▶ [PROBLEM REQUIREMENTS]:
Where an entry holds an image, skip the image but reproduce the rest word for word.

▶ [RECORDS PROVIDED]:
━━━━━━

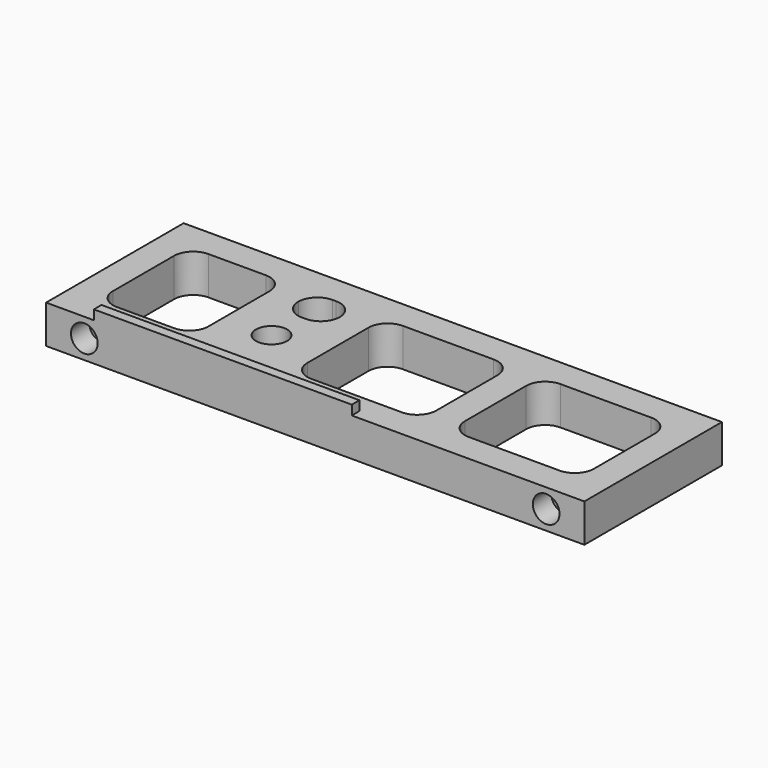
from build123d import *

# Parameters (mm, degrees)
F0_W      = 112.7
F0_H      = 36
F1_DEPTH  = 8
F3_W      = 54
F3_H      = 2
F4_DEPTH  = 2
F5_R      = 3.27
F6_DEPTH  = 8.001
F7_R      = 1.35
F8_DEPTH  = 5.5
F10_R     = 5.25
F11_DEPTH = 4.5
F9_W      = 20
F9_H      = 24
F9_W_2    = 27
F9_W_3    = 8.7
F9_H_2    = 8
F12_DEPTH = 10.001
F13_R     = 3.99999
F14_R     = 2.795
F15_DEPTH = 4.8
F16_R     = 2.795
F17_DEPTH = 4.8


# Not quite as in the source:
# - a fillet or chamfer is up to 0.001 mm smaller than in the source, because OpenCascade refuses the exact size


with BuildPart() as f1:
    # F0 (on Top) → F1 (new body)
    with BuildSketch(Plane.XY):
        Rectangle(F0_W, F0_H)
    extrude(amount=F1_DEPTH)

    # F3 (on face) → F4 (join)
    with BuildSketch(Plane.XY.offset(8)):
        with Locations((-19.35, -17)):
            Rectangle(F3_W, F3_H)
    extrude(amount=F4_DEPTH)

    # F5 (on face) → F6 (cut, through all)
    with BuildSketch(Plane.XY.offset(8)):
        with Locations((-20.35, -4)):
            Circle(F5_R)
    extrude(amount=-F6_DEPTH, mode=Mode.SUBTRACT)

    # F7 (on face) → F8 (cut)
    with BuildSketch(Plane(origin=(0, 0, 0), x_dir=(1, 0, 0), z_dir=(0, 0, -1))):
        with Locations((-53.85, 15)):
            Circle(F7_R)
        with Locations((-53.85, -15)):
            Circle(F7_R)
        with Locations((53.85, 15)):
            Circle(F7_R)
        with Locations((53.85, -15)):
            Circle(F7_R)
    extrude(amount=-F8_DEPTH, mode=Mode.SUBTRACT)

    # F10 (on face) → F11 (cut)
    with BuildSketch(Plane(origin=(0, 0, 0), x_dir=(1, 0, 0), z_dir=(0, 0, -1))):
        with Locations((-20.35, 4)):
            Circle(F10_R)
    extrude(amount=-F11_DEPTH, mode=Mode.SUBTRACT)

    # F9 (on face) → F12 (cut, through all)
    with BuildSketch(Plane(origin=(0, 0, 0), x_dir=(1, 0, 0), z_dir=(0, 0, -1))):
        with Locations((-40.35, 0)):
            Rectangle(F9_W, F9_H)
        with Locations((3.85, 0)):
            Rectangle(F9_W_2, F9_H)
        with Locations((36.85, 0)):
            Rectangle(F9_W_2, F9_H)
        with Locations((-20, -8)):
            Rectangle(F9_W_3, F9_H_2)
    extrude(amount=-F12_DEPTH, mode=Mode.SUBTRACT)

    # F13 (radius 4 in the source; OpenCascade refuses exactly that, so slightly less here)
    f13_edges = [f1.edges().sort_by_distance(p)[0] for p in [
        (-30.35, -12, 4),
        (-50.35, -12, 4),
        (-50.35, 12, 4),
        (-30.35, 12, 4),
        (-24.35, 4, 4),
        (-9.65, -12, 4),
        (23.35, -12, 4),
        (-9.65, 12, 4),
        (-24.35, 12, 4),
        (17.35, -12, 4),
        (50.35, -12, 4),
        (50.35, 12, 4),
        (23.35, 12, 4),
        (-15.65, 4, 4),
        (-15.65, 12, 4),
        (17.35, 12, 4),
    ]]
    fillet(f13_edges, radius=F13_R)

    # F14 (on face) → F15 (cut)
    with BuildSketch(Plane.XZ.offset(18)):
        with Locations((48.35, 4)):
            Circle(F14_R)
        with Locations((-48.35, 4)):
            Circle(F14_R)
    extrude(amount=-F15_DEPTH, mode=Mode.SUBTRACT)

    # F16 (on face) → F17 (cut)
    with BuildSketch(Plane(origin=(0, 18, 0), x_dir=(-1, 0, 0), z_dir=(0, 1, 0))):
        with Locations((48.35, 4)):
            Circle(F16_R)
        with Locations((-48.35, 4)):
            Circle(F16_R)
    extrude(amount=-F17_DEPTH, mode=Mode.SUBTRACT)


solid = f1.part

━━━━━━

▶ [RESPONSE TO THE TASK]:
from build123d import *

# Parameters (mm, degrees)
F0_W      = 112.7
F0_H      = 36
F1_DEPTH  = 8
F3_W      = 54
F3_H      = 2
F4_DEPTH  = 2
F5_R      = 3.27
F6_DEPTH  = 8.001
F7_R      = 1.35
F8_DEPTH  = 5.5
F10_R     = 5.25
F11_DEPTH = 4.5
F9_W      = 20
F9_H      = 24
F9_W_2    = 27
F9_W_3    = 8.7
F9_H_2    = 8
F12_DEPTH = 10.001
F13_R     = 3.99999
F14_R     = 2.795
F15_DEPTH = 4.8
F16_R     = 2.795
F17_DEPTH = 4.8


# Not quite as in the source:
# - a fillet or chamfer is up to 0.001 mm smaller than in the source, because OpenCascade refuses the exact size


with BuildPart() as f1:
    # F0 (on Top) → F1 (new body)
    with BuildSketch(Plane.XY):
        Rectangle(F0_W, F0_H)
    extrude(amount=F1_DEPTH)

    # F3 (on face) → F4 (join)
    with BuildSketch(Plane.XY.offset(8)):
        with Locations((-19.35, -17)):
            Rectangle(F3_W, F3_H)
    extrude(amount=F4_DEPTH)

    # F5 (on face) → F6 (cut, through all)
    with BuildSketch(Plane.XY.offset(8)):
        with Locations((-20.35, -4)):
            Circle(F5_R)
    extrude(amount=-F6_DEPTH, mode=Mode.SUBTRACT)

    # F7 (on face) → F8 (cut)
    with BuildSketch(Plane(origin=(0, 0, 0), x_dir=(1, 0, 0), z_dir=(0, 0, -1))):
        with Locations((-53.85, 15)):
            Circle(F7_R)
        with Locations((-53.85, -15)):
            Circle(F7_R)
        with Locations((53.85, 15)):
            Circle(F7_R)
        with Locations((53.85, -15)):
            Circle(F7_R)
    extrude(amount=-F8_DEPTH, mode=Mode.SUBTRACT)

    # F10 (on face) → F11 (cut)
    with BuildSketch(Plane(origin=(0, 0, 0), x_dir=(1, 0, 0), z_dir=(0, 0, -1))):
        with Locations((-20.35, 4)):
            Circle(F10_R)
    extrude(amount=-F11_DEPTH, mode=Mode.SUBTRACT)

    # F9 (on face) → F12 (cut, through all)
    with BuildSketch(Plane(origin=(0, 0, 0), x_dir=(1, 0, 0), z_dir=(0, 0, -1))):
        with Locations((-40.35, 0)):
            Rectangle(F9_W, F9_H)
        with Locations((3.85, 0)):
            Rectangle(F9_W_2, F9_H)
        with Locations((36.85, 0)):
            Rectangle(F9_W_2, F9_H)
        with Locations((-20, -8)):
            Rectangle(F9_W_3, F9_H_2)
    extrude(amount=-F12_DEPTH, mode=Mode.SUBTRACT)

    # F13 (radius 4 in the source; OpenCascade refuses exactly that, so slightly less here)
    f13_edges = [f1.edges().sort_by_distance(p)[0] for p in [
        (-30.35, -12, 4),
        (-50.35, -12, 4),
        (-50.35, 12, 4),
        (-30.35, 12, 4),
        (-24.35, 4, 4),
        (-9.65, -12, 4),
        (23.35, -12, 4),
        (-9.65, 12, 4),
        (-24.35, 12, 4),
        (17.35, -12, 4),
        (50.35, -12, 4),
        (50.35, 12, 4),
        (23.35, 12, 4),
        (-15.65, 4, 4),
        (-15.65, 12, 4),
        (17.35, 12, 4),
    ]]
    fillet(f13_edges, radius=F13_R)

    # F14 (on face) → F15 (cut)
    with BuildSketch(Plane.XZ.offset(18)):
        with Locations((48.35, 4)):
            Circle(F14_R)
        with Locations((-48.35, 4)):
            Circle(F14_R)
    extrude(amount=-F15_DEPTH, mode=Mode.SUBTRACT)

    # F16 (on face) → F17 (cut)
    with BuildSketch(Plane(origin=(0, 18, 0), x_dir=(-1, 0, 0), z_dir=(0, 1, 0))):
        with Locations((48.35, 4)):
            Circle(F16_R)
        with Locations((-48.35, 4)):
            Circle(F16_R)
    extrude(amount=-F17_DEPTH, mode=Mode.SUBTRACT)


solid = f1.part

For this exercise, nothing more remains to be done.